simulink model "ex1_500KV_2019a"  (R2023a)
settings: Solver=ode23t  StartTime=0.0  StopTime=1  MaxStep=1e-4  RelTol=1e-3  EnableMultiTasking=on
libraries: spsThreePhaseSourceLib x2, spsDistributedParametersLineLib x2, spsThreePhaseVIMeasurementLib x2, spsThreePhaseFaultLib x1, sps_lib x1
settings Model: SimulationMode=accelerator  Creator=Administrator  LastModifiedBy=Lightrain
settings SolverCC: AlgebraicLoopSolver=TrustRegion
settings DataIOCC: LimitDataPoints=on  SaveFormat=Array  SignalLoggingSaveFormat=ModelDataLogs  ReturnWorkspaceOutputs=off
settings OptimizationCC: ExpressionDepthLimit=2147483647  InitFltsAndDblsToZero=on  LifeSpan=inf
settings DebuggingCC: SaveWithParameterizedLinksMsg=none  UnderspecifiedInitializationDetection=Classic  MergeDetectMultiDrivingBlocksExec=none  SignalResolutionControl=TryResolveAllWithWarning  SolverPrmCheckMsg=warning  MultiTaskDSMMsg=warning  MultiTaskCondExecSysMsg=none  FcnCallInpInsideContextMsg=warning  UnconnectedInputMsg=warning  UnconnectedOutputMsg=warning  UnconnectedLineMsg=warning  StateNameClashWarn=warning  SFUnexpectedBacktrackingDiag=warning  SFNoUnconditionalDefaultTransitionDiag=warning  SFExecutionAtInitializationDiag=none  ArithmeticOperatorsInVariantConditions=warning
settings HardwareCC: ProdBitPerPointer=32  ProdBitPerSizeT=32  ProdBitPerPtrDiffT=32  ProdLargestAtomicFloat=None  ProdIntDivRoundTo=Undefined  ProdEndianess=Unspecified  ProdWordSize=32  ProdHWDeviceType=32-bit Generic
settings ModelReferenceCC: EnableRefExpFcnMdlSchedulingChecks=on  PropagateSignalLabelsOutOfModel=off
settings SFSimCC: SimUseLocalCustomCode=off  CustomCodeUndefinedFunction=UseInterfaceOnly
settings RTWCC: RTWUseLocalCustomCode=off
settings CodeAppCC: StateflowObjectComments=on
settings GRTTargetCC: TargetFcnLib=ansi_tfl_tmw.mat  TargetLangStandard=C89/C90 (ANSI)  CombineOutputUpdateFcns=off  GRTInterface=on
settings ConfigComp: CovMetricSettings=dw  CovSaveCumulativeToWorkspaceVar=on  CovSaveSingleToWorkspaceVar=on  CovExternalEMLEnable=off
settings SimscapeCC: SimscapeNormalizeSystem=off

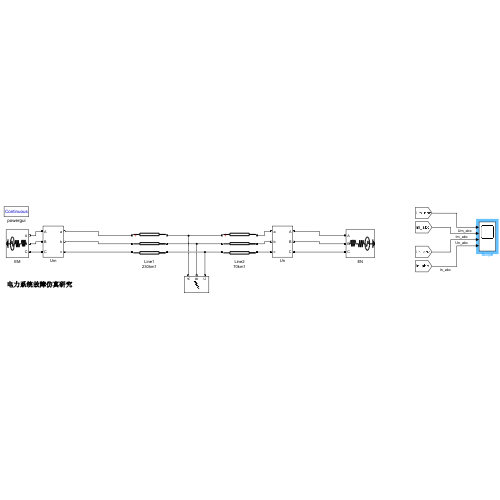
[thumbnail: Simulink's stored preview of the top-level diagram]
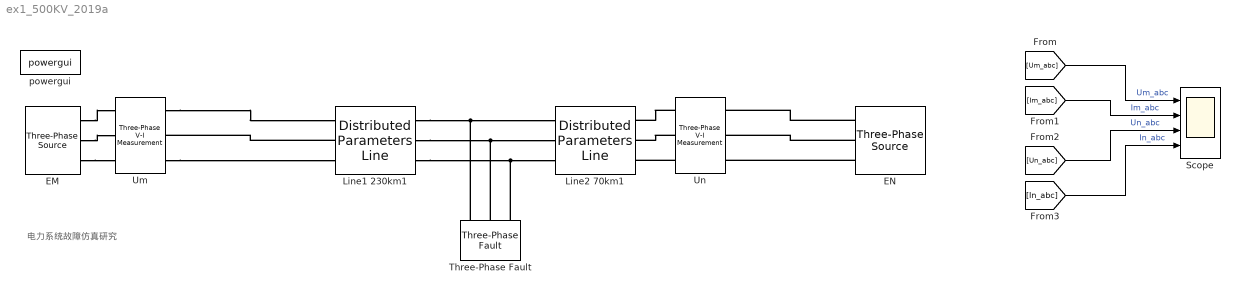
== system ex1_500KV_2019a ==
  note: 电力系统故障仿真研究
  EM : spsThreePhaseSourceLib/Three-Phase Source  InternalConnection=Yg  VoltagePhases=off  Voltage=500e3  PhaseAngle=0  Voltage_phases=[25e3 25e3 25e3]/sqrt(3)  PhaseAngles_phases=[0 -120 +120]  Frequency=50  NonIdealSource=on  SpecifyImpedance=off  Resistance=5.74  Inductance=0.0452  ShortCircuitLevel=100e6  BaseVoltage=25e3  XRratio=7  BusType=swing  Pref=0  Qref=0  Prefabc=[10e3, 10e3, 10e3]  Qrefabc=[0, 0, 0]  Qmin=-inf  Qmax=inf
  EN : spsThreePhaseSourceLib/Three-Phase Source  InternalConnection=Yg  VoltagePhases=off  Voltage=500e3  PhaseAngle=0  Voltage_phases=[25e3 25e3 25e3]/sqrt(3)  PhaseAngles_phases=[0 -120 +120]  Frequency=50  NonIdealSource=on  SpecifyImpedance=off  Resistance=5.74  Inductance=0.0452  ShortCircuitLevel=100e6  BaseVoltage=25e3  XRratio=7  BusType=swing  Pref=0  Qref=0  Prefabc=[10e3, 10e3, 10e3]  Qrefabc=[0, 0, 0]  Qmin=-inf  Qmax=inf
  Line1 230km1 : spsDistributedParametersLineLib/Distributed Parameters Line  Phases=3  Length=230  Frequency=50  Resistance=[ 0.02083 0.1148]  Inductance="[ 0.8984e-3  2.2886e-3]"  Capacitance=[0.0129e-6 5.23e-9]  x1=[2.39996334166363e-10 504386.018905982 504386.018905982;314.159265358979 314.159265358979 314.159265358979;-0.494963403943933 0.274052307116301 -1.2967440196786]  x2=[7.27595761418343e-11 509076.373027704 509076.373027704;314.159265358979 314.159265358979 314.159265358979;2.89160791277272 0.273345233109503 -1.29745109368539]  x3=[1.99350562759694e-12 1909.78676505623 1909.78676505623;314.159265358979 314.159265358979 314.159265358979;0.857163976977022 0.112881553409895 -1.457914773385]  x4=[2.84118265797858e-12 1910.12556335199 1910.12556335199;314.159265358979 314.159265358979 314.159265358979;-1.62338550776208 0.18739970026522 -1.38339662652968]  x5=0.000795726143971656  V1=[2.4e-10 5.044e+05 5.044e+05;314.2 314.2 314.2;-0.495 0.2741 -1.297]  V2=[7.276e-11 5.091e+05 5.091e+05;314.2 314.2 314.2;2.892 0.2733 -1.297]  I1=[1.994e-12 1910 1910;314.2 314.2 314.2;0.8572 0.1129 -1.458]  I2=[2.841e-12 1910 1910;314.2 314.2 314.2;-1.623 0.1874 -1.383]  nHarmo=1  Measurements=Phase-to-ground voltages  Decoupling=off  VsMag0=0  VrMag0=0  VsAngle0=0  VrAngle0=0  IsMag0=0  IrMag0=0  IsAngle0=0  IrAngle0=0
      settings: LibrarySourceBlock=sps_lib/Power Grid Elements/Distributed Parameters Line
  Line2 70km1 : spsDistributedParametersLineLib/Distributed Parameters Line  Phases=3  Length=70  Frequency=50  Resistance=[ 0.02083 0.1148]  Inductance="[ 0.8984e-3  2.2886e-3]"  Capacitance=[0.0129e-6 5.23e-9]  x1=[7.27595761418343e-11 509076.373027704 509076.373027704;314.159265358979 314.159265358979 314.159265358979;3.06551034116721 0.444464764450093 -1.1263315623448]  x2=[4.36557456851006e-11 504385.210793195 504385.210793195;314.159265358979 314.159265358979 314.159265358979;-0.0760823124225862 0.445166778971658 -1.12562954782324]  x3=[4.40693732790997e-12 1928.55532360724 1928.55532360725;314.159265358979 314.159265358979 314.159265358979;-2.04166975891724 0.530127509991258 -1.04066881680363]  x4=[9.99572824572175e-13 1927.6185383434 1927.6185383434;314.159265358979 314.159265358979 314.159265358979;2.32009086489305 0.284472550844726 -1.28632377595018]  x5=0.00024217752207833  V1=[7.276e-11 5.091e+05 5.091e+05;314.2 314.2 314.2;3.066 0.4445 -1.126]  V2=[4.366e-11 5.044e+05 5.044e+05;314.2 314.2 314.2;-0.07608 0.4452 -1.126]  I1=[4.407e-12 1929 1929;314.2 314.2 314.2;-2.042 0.5301 -1.041]  I2=[9.996e-13 1928 1928;314.2 314.2 314.2;2.32 0.2845 -1.286]  nHarmo=1  Measurements=Phase-to-ground voltages  Decoupling=off  VsMag0=0  VrMag0=0  VsAngle0=0  VrAngle0=0  IsMag0=0  IrMag0=0  IsAngle0=0  IrAngle0=0
      settings: LibrarySourceBlock=sps_lib/Power Grid Elements/Distributed Parameters Line
  Scope : Scope  NumInputPorts=4
  Three-Phase Fault : spsThreePhaseFaultLib/Three-Phase Fault  InitialStates=0  FaultA=on  FaultB=off  FaultC=off  GroundFault=on  SwitchTimes=[0.2,1]  External=off  SwitchStatus=NaN  FaultResistance=0.01  GroundResistance=0.00000000001  SnubberResistance=1e6  SnubberCapacitance=inf  Measurements=None
  Um : spsThreePhaseVIMeasurementLib/Three-Phase V-I Measurement  VoltageMeasurement=phase-to-ground  SetLabelV=on  LabelV=Um_abc  Vpu=off  VpuLL=off  CurrentMeasurement=yes  SetLabelI=on  LabelI=Im_abc  Ipu=off  Pbase=100e6  Vbase=500e3  OutputType=Complex  PhasorSimulation=off  PSBequivalent=0
  Un : spsThreePhaseVIMeasurementLib/Three-Phase V-I Measurement  VoltageMeasurement=phase-to-ground  SetLabelV=on  LabelV=Un_abc  Vpu=off  VpuLL=off  CurrentMeasurement=yes  SetLabelI=on  LabelI=In_abc  Ipu=off  Pbase=100e6  Vbase=500e3  OutputType=Complex  PhasorSimulation=off  PSBequivalent=0
  powergui : sps_lib/powergui  SimulationMode=Continuous  SampleTime=0  frequency=50  Iterations=50  frequencyindice=50  Pbase=100e6  ErrMax=1e-4  UnitsV=kV  UnitsW=MW  buscounter=0  FunctionMessages=off  echomessages=off  EnableUseOfTLC=off  CurrentSourceSwitches=off  DisableSnubberDevices=off  DisableRonSwitches=off  DisableVfSwitches=off  DisplayEquations=off  AutomaticDiscreteSolvers=off  SolverType=Tustin  Interpol=off  ExternalGateDelay=off  methode=off  Ts=0  x0status=steady  SPID=off  SwTol=0  HookPort=off  NonlinearTolerance=0  nMaxIteration=15  ContinueOnMaxIteration=off  RestoreLinks=warning  ResistiveCurrentMeasurement=off  Frange=[0:2:500]  Ylog=off  Xlog=on  ShowGrid=off  save=off  variable=ZData  structure=0  ZoomFFT=on  StartTime=0.0  cycles=1  DisplayStyle=1  fundamental=60  FreqAxis=off  MaxFrequency=1000  frequencyindicesteady=1  RmsSteady=2  display=off
  wires:
  [Um_abc] -> Scope/1  "Um_abc"
  [Im_abc] -> Scope/2  "Im_abc"
  [Un_abc] -> Scope/3  "Un_abc"
  [In_abc] -> Scope/4  "In_abc"
  connections:
  Three-Phase Fault/LConn1 -- Line1 230km1/RConn1 -- Line2 70km1/LConn1
  Three-Phase Fault/LConn2 -- Line1 230km1/RConn2 -- Line2 70km1/LConn2
  Three-Phase Fault/LConn3 -- Line1 230km1/RConn3 -- Line2 70km1/LConn3
  EM/RConn3 -- Um/LConn3
  EM/RConn2 -- Um/LConn2
  EM/RConn1 -- Um/LConn1
  Un/RConn3 -- Line2 70km1/RConn3
  Un/RConn2 -- Line2 70km1/RConn2
  Un/RConn1 -- Line2 70km1/RConn1
  Line1 230km1/LConn2 -- Um/RConn2
  Um/RConn3 -- Line1 230km1/LConn3
  Um/RConn1 -- Line1 230km1/LConn1
  EN/RConn3 -- Un/LConn3
  EN/RConn2 -- Un/LConn2
  EN/RConn1 -- Un/LConn1

Work order:
Restate the entries above word for word, beginning with their first line and ending with the line holding "settings OptimizationCC: ExpressionDepthLimit=2147483647"; omit everything else.

Answer:
simulink model "ex1_500KV_2019a"  (R2023a)
settings: Solver=ode23t  StartTime=0.0  StopTime=1  MaxStep=1e-4  RelTol=1e-3  EnableMultiTasking=on
libraries: spsThreePhaseSourceLib x2, spsDistributedParametersLineLib x2, spsThreePhaseVIMeasurementLib x2, spsThreePhaseFaultLib x1, sps_lib x1
settings Model: SimulationMode=accelerator  Creator=Administrator  LastModifiedBy=Lightrain
settings SolverCC: AlgebraicLoopSolver=TrustRegion
settings DataIOCC: LimitDataPoints=on  SaveFormat=Array  SignalLoggingSaveFormat=ModelDataLogs  ReturnWorkspaceOutputs=off
settings OptimizationCC: ExpressionDepthLimit=2147483647  InitFltsAndDblsToZero=on  LifeSpan=inf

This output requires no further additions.